Task to carry out
From the entries below, copy exactly the lines from the one that contains "#24=CARTESIAN_POINT('',(168.,-9.99999999999996,-9.));" through the one that contains "#39=CARTESIAN_POINT('',(168.,-339.539392014169,-12.));", both included, and only those.

=== Data supplied ===

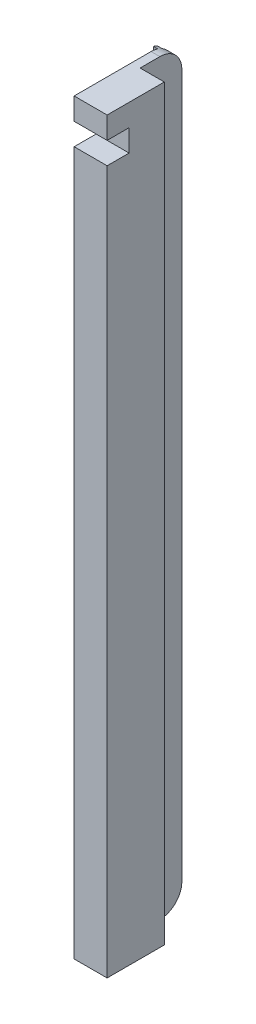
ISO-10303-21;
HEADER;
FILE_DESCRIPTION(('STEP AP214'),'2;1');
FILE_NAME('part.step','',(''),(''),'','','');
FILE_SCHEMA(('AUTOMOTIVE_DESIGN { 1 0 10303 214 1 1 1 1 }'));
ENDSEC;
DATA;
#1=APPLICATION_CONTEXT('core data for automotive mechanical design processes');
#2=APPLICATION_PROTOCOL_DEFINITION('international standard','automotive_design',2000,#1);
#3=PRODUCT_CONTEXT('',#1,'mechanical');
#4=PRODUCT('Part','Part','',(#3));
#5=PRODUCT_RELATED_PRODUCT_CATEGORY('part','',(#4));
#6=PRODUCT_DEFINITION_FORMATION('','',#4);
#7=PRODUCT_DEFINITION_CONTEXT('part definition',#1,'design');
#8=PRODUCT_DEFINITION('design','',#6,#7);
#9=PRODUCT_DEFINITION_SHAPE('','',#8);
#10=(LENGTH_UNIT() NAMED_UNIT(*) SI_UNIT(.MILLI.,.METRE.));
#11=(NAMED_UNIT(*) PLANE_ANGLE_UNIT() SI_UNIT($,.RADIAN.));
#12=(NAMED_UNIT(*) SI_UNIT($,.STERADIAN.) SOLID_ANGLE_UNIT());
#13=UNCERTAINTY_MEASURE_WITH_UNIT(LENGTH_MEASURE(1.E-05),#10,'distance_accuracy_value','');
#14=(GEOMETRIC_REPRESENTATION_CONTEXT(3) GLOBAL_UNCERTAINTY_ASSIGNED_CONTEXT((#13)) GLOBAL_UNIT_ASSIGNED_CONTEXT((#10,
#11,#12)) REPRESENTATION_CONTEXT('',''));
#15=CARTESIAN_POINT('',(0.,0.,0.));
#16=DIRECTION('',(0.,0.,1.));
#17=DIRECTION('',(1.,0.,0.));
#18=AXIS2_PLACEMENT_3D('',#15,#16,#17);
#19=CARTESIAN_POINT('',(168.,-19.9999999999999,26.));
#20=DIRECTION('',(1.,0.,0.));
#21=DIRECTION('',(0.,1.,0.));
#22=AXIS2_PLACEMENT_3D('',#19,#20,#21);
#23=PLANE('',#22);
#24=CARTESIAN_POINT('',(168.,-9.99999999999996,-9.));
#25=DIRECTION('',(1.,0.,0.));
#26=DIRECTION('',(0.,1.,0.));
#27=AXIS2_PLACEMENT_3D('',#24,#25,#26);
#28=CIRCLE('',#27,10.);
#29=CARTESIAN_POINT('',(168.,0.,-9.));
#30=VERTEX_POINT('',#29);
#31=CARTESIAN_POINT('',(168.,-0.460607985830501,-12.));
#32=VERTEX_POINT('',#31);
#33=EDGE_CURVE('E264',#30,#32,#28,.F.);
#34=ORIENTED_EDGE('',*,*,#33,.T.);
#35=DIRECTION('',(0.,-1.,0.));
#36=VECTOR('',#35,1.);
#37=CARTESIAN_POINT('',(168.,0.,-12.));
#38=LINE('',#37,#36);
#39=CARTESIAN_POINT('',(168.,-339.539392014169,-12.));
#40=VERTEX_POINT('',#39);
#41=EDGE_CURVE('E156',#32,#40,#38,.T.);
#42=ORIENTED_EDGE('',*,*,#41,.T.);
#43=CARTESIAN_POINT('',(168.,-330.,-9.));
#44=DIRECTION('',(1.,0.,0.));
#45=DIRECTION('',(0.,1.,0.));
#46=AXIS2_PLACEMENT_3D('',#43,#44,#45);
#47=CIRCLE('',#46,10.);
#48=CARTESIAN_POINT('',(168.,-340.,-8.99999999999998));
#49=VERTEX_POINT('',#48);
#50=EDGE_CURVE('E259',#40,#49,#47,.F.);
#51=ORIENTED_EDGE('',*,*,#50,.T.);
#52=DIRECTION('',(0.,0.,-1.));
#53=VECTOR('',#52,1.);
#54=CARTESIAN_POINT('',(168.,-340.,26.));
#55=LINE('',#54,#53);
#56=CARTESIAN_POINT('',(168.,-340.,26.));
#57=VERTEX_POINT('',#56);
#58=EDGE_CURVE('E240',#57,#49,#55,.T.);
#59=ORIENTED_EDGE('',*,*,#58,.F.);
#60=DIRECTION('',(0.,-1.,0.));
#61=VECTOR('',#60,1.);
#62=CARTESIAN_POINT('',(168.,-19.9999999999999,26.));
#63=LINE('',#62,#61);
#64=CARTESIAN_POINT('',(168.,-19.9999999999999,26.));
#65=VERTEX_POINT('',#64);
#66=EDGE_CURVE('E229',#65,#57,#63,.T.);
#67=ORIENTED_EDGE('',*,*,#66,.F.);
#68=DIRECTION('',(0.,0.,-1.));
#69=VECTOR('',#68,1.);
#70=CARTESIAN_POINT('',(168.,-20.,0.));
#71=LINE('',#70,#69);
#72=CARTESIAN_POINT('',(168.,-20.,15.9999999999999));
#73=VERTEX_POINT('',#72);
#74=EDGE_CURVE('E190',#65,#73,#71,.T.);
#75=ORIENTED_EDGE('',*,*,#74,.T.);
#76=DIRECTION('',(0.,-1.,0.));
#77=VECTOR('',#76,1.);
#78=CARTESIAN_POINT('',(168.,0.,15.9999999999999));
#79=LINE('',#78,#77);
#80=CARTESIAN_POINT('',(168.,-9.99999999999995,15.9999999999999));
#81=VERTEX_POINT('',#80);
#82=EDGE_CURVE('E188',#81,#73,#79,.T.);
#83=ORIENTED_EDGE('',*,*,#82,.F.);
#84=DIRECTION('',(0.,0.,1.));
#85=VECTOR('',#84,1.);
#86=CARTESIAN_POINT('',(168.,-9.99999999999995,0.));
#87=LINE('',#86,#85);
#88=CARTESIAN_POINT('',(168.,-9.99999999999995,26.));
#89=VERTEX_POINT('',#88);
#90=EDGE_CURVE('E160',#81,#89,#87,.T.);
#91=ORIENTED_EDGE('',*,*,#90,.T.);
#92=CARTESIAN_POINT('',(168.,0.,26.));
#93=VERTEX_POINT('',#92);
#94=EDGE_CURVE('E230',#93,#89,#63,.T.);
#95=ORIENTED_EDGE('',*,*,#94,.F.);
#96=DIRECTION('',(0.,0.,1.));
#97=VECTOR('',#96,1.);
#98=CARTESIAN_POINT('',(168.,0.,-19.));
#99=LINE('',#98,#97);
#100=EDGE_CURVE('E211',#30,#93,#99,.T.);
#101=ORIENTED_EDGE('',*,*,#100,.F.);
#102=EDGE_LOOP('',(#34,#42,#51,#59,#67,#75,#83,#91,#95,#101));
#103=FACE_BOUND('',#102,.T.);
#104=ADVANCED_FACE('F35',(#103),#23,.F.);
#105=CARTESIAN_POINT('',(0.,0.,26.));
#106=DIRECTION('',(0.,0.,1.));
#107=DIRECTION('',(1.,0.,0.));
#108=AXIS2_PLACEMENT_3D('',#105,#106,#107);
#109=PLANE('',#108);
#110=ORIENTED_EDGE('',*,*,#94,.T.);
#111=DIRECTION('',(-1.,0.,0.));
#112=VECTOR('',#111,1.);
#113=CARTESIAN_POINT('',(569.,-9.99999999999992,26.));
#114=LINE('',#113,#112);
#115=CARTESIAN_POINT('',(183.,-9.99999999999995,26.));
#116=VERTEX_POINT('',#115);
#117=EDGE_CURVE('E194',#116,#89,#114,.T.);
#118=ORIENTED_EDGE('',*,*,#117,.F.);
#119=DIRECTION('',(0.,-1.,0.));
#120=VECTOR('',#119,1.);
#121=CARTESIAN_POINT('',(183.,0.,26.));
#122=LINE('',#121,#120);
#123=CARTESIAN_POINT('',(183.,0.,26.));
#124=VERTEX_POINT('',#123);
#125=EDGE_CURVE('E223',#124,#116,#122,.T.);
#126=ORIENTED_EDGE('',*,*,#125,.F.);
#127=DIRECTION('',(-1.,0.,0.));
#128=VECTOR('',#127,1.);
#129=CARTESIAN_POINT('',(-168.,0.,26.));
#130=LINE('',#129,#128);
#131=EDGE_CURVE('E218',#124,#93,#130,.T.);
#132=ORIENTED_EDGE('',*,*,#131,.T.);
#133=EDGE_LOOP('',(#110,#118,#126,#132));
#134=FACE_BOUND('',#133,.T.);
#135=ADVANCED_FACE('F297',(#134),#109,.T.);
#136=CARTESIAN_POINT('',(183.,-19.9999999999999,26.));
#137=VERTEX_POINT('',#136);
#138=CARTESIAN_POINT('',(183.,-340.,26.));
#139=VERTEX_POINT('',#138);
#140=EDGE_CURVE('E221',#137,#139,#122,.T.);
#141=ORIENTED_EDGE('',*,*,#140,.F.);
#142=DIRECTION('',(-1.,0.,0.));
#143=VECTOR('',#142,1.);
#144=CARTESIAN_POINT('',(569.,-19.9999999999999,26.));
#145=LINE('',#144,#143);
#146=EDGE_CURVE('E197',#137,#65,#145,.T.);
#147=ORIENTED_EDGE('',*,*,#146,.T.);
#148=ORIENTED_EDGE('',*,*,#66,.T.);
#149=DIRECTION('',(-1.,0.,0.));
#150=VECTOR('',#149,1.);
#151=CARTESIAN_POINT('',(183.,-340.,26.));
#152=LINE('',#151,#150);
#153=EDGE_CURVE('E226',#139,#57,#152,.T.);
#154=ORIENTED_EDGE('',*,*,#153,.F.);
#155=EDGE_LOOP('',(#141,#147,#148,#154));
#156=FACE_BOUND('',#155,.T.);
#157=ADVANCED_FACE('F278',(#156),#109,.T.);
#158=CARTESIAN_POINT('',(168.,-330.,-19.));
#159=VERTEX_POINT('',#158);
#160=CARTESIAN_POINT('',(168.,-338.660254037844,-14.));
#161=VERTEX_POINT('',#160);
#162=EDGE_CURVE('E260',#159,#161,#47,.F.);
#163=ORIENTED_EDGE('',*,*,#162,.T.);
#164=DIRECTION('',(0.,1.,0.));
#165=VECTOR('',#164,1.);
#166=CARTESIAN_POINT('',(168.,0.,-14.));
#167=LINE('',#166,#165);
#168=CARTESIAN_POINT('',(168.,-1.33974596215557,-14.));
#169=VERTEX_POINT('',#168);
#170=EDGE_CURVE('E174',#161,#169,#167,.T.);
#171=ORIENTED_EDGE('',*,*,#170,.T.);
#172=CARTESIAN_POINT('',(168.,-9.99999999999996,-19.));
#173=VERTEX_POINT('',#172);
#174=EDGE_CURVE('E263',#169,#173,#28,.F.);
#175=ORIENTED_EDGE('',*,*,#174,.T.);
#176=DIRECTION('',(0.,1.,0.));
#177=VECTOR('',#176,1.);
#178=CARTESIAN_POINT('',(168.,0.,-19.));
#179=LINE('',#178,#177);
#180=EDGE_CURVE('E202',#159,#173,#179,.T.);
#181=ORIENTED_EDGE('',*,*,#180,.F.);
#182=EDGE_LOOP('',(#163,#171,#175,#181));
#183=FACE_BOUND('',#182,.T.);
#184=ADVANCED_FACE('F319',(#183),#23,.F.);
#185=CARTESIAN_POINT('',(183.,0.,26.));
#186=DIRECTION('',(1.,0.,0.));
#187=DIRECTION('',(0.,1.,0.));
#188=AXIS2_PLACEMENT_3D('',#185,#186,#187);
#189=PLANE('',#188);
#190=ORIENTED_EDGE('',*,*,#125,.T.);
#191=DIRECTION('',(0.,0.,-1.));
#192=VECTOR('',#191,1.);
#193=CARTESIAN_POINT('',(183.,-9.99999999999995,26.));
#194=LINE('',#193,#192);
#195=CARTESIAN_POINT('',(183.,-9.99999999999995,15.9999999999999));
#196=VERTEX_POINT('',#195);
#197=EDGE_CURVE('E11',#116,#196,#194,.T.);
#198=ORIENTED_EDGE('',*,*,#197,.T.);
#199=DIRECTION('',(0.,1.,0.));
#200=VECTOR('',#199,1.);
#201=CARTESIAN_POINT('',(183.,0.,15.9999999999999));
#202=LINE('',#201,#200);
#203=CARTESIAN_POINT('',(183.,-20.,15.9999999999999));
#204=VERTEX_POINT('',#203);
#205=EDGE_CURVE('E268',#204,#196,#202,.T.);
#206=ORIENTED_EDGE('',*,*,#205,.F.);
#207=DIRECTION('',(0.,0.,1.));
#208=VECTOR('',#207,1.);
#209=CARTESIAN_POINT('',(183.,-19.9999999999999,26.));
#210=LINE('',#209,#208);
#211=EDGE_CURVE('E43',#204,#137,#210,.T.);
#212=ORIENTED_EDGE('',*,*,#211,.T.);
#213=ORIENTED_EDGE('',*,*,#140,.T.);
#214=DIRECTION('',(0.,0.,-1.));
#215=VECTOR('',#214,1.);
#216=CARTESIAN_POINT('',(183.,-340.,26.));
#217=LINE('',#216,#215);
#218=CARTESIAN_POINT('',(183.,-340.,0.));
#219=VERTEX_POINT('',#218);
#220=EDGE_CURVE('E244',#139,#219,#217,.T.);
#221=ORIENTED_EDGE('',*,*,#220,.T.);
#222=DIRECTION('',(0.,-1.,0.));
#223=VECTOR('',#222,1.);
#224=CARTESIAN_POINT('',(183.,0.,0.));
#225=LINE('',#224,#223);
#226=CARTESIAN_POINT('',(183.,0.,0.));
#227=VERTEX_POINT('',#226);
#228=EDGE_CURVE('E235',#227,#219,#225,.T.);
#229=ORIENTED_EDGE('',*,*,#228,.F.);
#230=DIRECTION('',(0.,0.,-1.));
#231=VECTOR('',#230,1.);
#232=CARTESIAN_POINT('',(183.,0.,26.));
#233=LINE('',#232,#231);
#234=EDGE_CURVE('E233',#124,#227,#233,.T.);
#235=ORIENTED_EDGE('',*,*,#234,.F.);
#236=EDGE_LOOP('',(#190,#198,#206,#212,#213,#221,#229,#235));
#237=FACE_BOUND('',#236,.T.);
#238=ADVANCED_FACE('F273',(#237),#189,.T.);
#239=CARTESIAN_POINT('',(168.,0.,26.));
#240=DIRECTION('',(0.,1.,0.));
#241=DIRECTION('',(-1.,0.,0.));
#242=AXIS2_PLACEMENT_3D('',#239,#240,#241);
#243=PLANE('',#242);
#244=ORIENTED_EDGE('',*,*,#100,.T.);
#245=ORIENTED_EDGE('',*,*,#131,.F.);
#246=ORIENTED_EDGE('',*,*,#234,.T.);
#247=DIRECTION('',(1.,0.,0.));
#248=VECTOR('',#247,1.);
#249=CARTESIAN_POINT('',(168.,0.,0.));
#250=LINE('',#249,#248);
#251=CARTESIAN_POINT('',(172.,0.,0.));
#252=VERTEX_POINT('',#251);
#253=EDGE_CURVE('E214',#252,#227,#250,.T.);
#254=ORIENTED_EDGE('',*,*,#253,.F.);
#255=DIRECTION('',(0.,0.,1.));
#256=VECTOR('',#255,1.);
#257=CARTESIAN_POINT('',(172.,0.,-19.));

===

Reply to the exercise
#24=CARTESIAN_POINT('',(168.,-9.99999999999996,-9.));
#25=DIRECTION('',(1.,0.,0.));
#26=DIRECTION('',(0.,1.,0.));
#27=AXIS2_PLACEMENT_3D('',#24,#25,#26);
#28=CIRCLE('',#27,10.);
#29=CARTESIAN_POINT('',(168.,0.,-9.));
#30=VERTEX_POINT('',#29);
#31=CARTESIAN_POINT('',(168.,-0.460607985830501,-12.));
#32=VERTEX_POINT('',#31);
#33=EDGE_CURVE('E264',#30,#32,#28,.F.);
#34=ORIENTED_EDGE('',*,*,#33,.T.);
#35=DIRECTION('',(0.,-1.,0.));
#36=VECTOR('',#35,1.);
#37=CARTESIAN_POINT('',(168.,0.,-12.));
#38=LINE('',#37,#36);
#39=CARTESIAN_POINT('',(168.,-339.539392014169,-12.));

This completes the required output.